I got five bottles today .

Mark


----------



## Bristle Hound (May 31, 2009)

Del-GTi said:


> Leading on from fabionvieira's posts about some Black Friday bargains, this is currently available from ECP using the winter35 discount code for just £3.57 delivered!
> 
> Bag yourself a bargain! :thumb:


Link -
https://www.eurocarparts.com/p/turtlewax-sealant-wax-500ml-552777331


----------



## HEADPHONES (Jan 1, 2008)

Got 2 for Xmas stocking fillers for friends :thumb:


----------



## Bristle Hound (May 31, 2009)

Mini review on this product here 
https://www.detailingworld.co.uk/forum/showthread.php?t=414617


----------



## scooobydont (Feb 25, 2017)

GOD DAMN THIS PLACE!!! 2 bottles incoming...


----------



## Supermega (Nov 10, 2008)

Many thanks for tip!


----------



## WRX (Jun 24, 2019)

I have two bottles of this and was just about to buy another two and managed to stop myself.

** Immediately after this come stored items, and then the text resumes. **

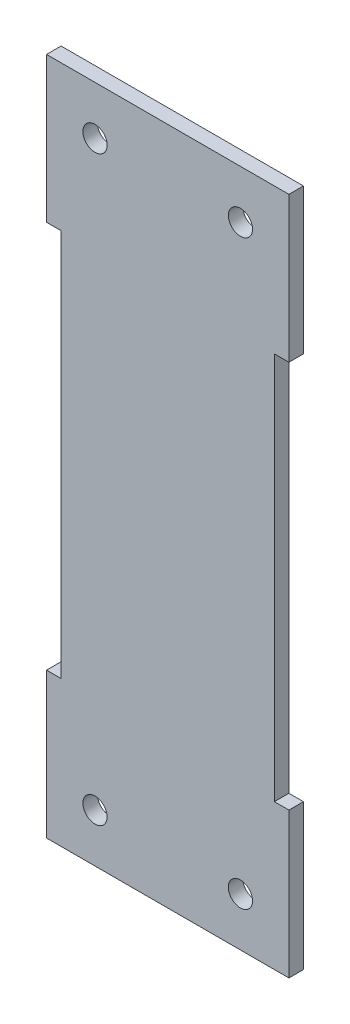
ISO-10303-21;
HEADER;
FILE_DESCRIPTION(('STEP AP214'),'2;1');
FILE_NAME('part.step','',(''),(''),'','','');
FILE_SCHEMA(('AUTOMOTIVE_DESIGN { 1 0 10303 214 1 1 1 1 }'));
ENDSEC;
DATA;
#1=APPLICATION_CONTEXT('core data for automotive mechanical design processes');
#2=APPLICATION_PROTOCOL_DEFINITION('international standard','automotive_design',2000,#1);
#3=PRODUCT_CONTEXT('',#1,'mechanical');
#4=PRODUCT('Part','Part','',(#3));
#5=PRODUCT_RELATED_PRODUCT_CATEGORY('part','',(#4));
#6=PRODUCT_DEFINITION_FORMATION('','',#4);
#7=PRODUCT_DEFINITION_CONTEXT('part definition',#1,'design');
#8=PRODUCT_DEFINITION('design','',#6,#7);
#9=PRODUCT_DEFINITION_SHAPE('','',#8);
#10=(LENGTH_UNIT() NAMED_UNIT(*) SI_UNIT(.MILLI.,.METRE.));
#11=(NAMED_UNIT(*) PLANE_ANGLE_UNIT() SI_UNIT($,.RADIAN.));
#12=(NAMED_UNIT(*) SI_UNIT($,.STERADIAN.) SOLID_ANGLE_UNIT());
#13=UNCERTAINTY_MEASURE_WITH_UNIT(LENGTH_MEASURE(1.E-05),#10,'distance_accuracy_value','');
#14=(GEOMETRIC_REPRESENTATION_CONTEXT(3) GLOBAL_UNCERTAINTY_ASSIGNED_CONTEXT((#13)) GLOBAL_UNIT_ASSIGNED_CONTEXT((#10,
#11,#12)) REPRESENTATION_CONTEXT('',''));
#15=CARTESIAN_POINT('',(0.,0.,0.));
#16=DIRECTION('',(0.,0.,1.));
#17=DIRECTION('',(1.,0.,0.));
#18=AXIS2_PLACEMENT_3D('',#15,#16,#17);
#19=CARTESIAN_POINT('',(0.,0.,3.));
#20=DIRECTION('',(0.,0.,1.));
#21=DIRECTION('',(1.,0.,0.));
#22=AXIS2_PLACEMENT_3D('',#19,#20,#21);
#23=PLANE('',#22);
#24=CARTESIAN_POINT('',(15.,-60.,3.));
#25=DIRECTION('',(0.,0.,1.));
#26=DIRECTION('',(-1.,0.,0.));
#27=AXIS2_PLACEMENT_3D('',#24,#25,#26);
#28=CIRCLE('',#27,2.5);
#29=CARTESIAN_POINT('',(12.5,-60.,3.));
#30=VERTEX_POINT('',#29);
#31=EDGE_CURVE('E332',#30,#30,#28,.T.);
#32=ORIENTED_EDGE('',*,*,#31,.F.);
#33=EDGE_LOOP('',(#32));
#34=FACE_BOUND('',#33,.T.);
#35=CARTESIAN_POINT('',(-15.,60.,3.));
#36=DIRECTION('',(0.,0.,1.));
#37=DIRECTION('',(1.,0.,0.));
#38=AXIS2_PLACEMENT_3D('',#35,#36,#37);
#39=CIRCLE('',#38,2.5);
#40=CARTESIAN_POINT('',(-12.5,60.,3.));
#41=VERTEX_POINT('',#40);
#42=EDGE_CURVE('E170',#41,#41,#39,.T.);
#43=ORIENTED_EDGE('',*,*,#42,.F.);
#44=EDGE_LOOP('',(#43));
#45=FACE_BOUND('',#44,.T.);
#46=DIRECTION('',(0.,-1.,0.));
#47=VECTOR('',#46,1.);
#48=CARTESIAN_POINT('',(-25.,40.,3.));
#49=LINE('',#48,#47);
#50=CARTESIAN_POINT('',(-25.,70.,3.));
#51=VERTEX_POINT('',#50);
#52=CARTESIAN_POINT('',(-25.,40.,3.));
#53=VERTEX_POINT('',#52);
#54=EDGE_CURVE('E200',#51,#53,#49,.T.);
#55=ORIENTED_EDGE('',*,*,#54,.T.);
#56=DIRECTION('',(1.,0.,0.));
#57=VECTOR('',#56,1.);
#58=CARTESIAN_POINT('',(-25.,40.,3.));
#59=LINE('',#58,#57);
#60=CARTESIAN_POINT('',(-22.,40.,3.));
#61=VERTEX_POINT('',#60);
#62=EDGE_CURVE('E112',#53,#61,#59,.T.);
#63=ORIENTED_EDGE('',*,*,#62,.T.);
#64=DIRECTION('',(0.,-1.,0.));
#65=VECTOR('',#64,1.);
#66=CARTESIAN_POINT('',(-22.,40.,3.));
#67=LINE('',#66,#65);
#68=CARTESIAN_POINT('',(-22.,-40.,3.));
#69=VERTEX_POINT('',#68);
#70=EDGE_CURVE('E237',#61,#69,#67,.T.);
#71=ORIENTED_EDGE('',*,*,#70,.T.);
#72=DIRECTION('',(-1.,0.,0.));
#73=VECTOR('',#72,1.);
#74=CARTESIAN_POINT('',(-22.,-40.,3.));
#75=LINE('',#74,#73);
#76=CARTESIAN_POINT('',(-25.,-40.,3.));
#77=VERTEX_POINT('',#76);
#78=EDGE_CURVE('E257',#69,#77,#75,.T.);
#79=ORIENTED_EDGE('',*,*,#78,.T.);
#80=DIRECTION('',(0.,-1.,0.));
#81=VECTOR('',#80,1.);
#82=CARTESIAN_POINT('',(-25.,-70.,3.));
#83=LINE('',#82,#81);
#84=CARTESIAN_POINT('',(-25.,-70.,3.));
#85=VERTEX_POINT('',#84);
#86=EDGE_CURVE('E253',#77,#85,#83,.T.);
#87=ORIENTED_EDGE('',*,*,#86,.T.);
#88=DIRECTION('',(1.,0.,0.));
#89=VECTOR('',#88,1.);
#90=CARTESIAN_POINT('',(25.,-70.,3.));
#91=LINE('',#90,#89);
#92=CARTESIAN_POINT('',(25.,-70.,3.));
#93=VERTEX_POINT('',#92);
#94=EDGE_CURVE('E256',#85,#93,#91,.T.);
#95=ORIENTED_EDGE('',*,*,#94,.T.);
#96=DIRECTION('',(0.,1.,0.));
#97=VECTOR('',#96,1.);
#98=CARTESIAN_POINT('',(25.,-70.,3.));
#99=LINE('',#98,#97);
#100=CARTESIAN_POINT('',(25.,-40.,3.));
#101=VERTEX_POINT('',#100);
#102=EDGE_CURVE('E261',#93,#101,#99,.T.);
#103=ORIENTED_EDGE('',*,*,#102,.T.);
#104=DIRECTION('',(-1.,0.,0.));
#105=VECTOR('',#104,1.);
#106=CARTESIAN_POINT('',(22.,-40.,3.));
#107=LINE('',#106,#105);
#108=CARTESIAN_POINT('',(22.,-40.,3.));
#109=VERTEX_POINT('',#108);
#110=EDGE_CURVE('E268',#101,#109,#107,.T.);
#111=ORIENTED_EDGE('',*,*,#110,.T.);
#112=DIRECTION('',(0.,1.,0.));
#113=VECTOR('',#112,1.);
#114=CARTESIAN_POINT('',(22.,40.,3.));
#115=LINE('',#114,#113);
#116=CARTESIAN_POINT('',(22.,40.,3.));
#117=VERTEX_POINT('',#116);
#118=EDGE_CURVE('E143',#109,#117,#115,.T.);
#119=ORIENTED_EDGE('',*,*,#118,.T.);
#120=DIRECTION('',(1.,0.,0.));
#121=VECTOR('',#120,1.);
#122=CARTESIAN_POINT('',(25.,40.,3.));
#123=LINE('',#122,#121);
#124=CARTESIAN_POINT('',(25.,40.,3.));
#125=VERTEX_POINT('',#124);
#126=EDGE_CURVE('E137',#117,#125,#123,.T.);
#127=ORIENTED_EDGE('',*,*,#126,.T.);
#128=DIRECTION('',(0.,1.,0.));
#129=VECTOR('',#128,1.);
#130=CARTESIAN_POINT('',(25.,40.,3.));
#131=LINE('',#130,#129);
#132=CARTESIAN_POINT('',(25.,70.,3.));
#133=VERTEX_POINT('',#132);
#134=EDGE_CURVE('E141',#125,#133,#131,.T.);
#135=ORIENTED_EDGE('',*,*,#134,.T.);
#136=DIRECTION('',(-1.,0.,0.));
#137=VECTOR('',#136,1.);
#138=CARTESIAN_POINT('',(25.,70.,3.));
#139=LINE('',#138,#137);
#140=EDGE_CURVE('E57',#133,#51,#139,.T.);
#141=ORIENTED_EDGE('',*,*,#140,.T.);
#142=EDGE_LOOP('',(#55,#63,#71,#79,#87,#95,#103,#111,#119,#127,#135,#141));
#143=FACE_BOUND('',#142,.T.);
#144=CARTESIAN_POINT('',(15.,60.,3.));
#145=DIRECTION('',(0.,0.,1.));
#146=DIRECTION('',(1.,0.,0.));
#147=AXIS2_PLACEMENT_3D('',#144,#145,#146);
#148=CIRCLE('',#147,2.5);
#149=CARTESIAN_POINT('',(17.5,60.,3.));
#150=VERTEX_POINT('',#149);
#151=EDGE_CURVE('E340',#150,#150,#148,.T.);
#152=ORIENTED_EDGE('',*,*,#151,.F.);
#153=EDGE_LOOP('',(#152));
#154=FACE_BOUND('',#153,.T.);
#155=CARTESIAN_POINT('',(-15.,-60.,3.));
#156=DIRECTION('',(0.,0.,1.));
#157=DIRECTION('',(-1.,0.,0.));
#158=AXIS2_PLACEMENT_3D('',#155,#156,#157);
#159=CIRCLE('',#158,2.5);
#160=CARTESIAN_POINT('',(-17.5,-60.,3.));
#161=VERTEX_POINT('',#160);
#162=EDGE_CURVE('E321',#161,#161,#159,.T.);
#163=ORIENTED_EDGE('',*,*,#162,.F.);
#164=EDGE_LOOP('',(#163));
#165=FACE_BOUND('',#164,.T.);
#166=ADVANCED_FACE('F39',(#34,#45,#143,#154,#165),#23,.T.);
#167=CARTESIAN_POINT('',(0.,0.,0.));
#168=DIRECTION('',(0.,0.,1.));
#169=DIRECTION('',(1.,0.,0.));
#170=AXIS2_PLACEMENT_3D('',#167,#168,#169);
#171=PLANE('',#170);
#172=DIRECTION('',(0.,-1.,0.));
#173=VECTOR('',#172,1.);
#174=CARTESIAN_POINT('',(-25.,40.,0.));
#175=LINE('',#174,#173);
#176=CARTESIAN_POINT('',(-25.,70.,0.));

Sent from my iPhone using Tapatalk


----------



## GSI-MAN (Sep 12, 2017)

2 bottles ordered 
Cheers


----------



## NickA (Jun 15, 2008)

Nice one. Two bottles for me to try too!


----------



## BobbyNelson (May 8, 2011)

I really don't need this, still got a bottle of bsd and DNS to get through, so why am I so tempted?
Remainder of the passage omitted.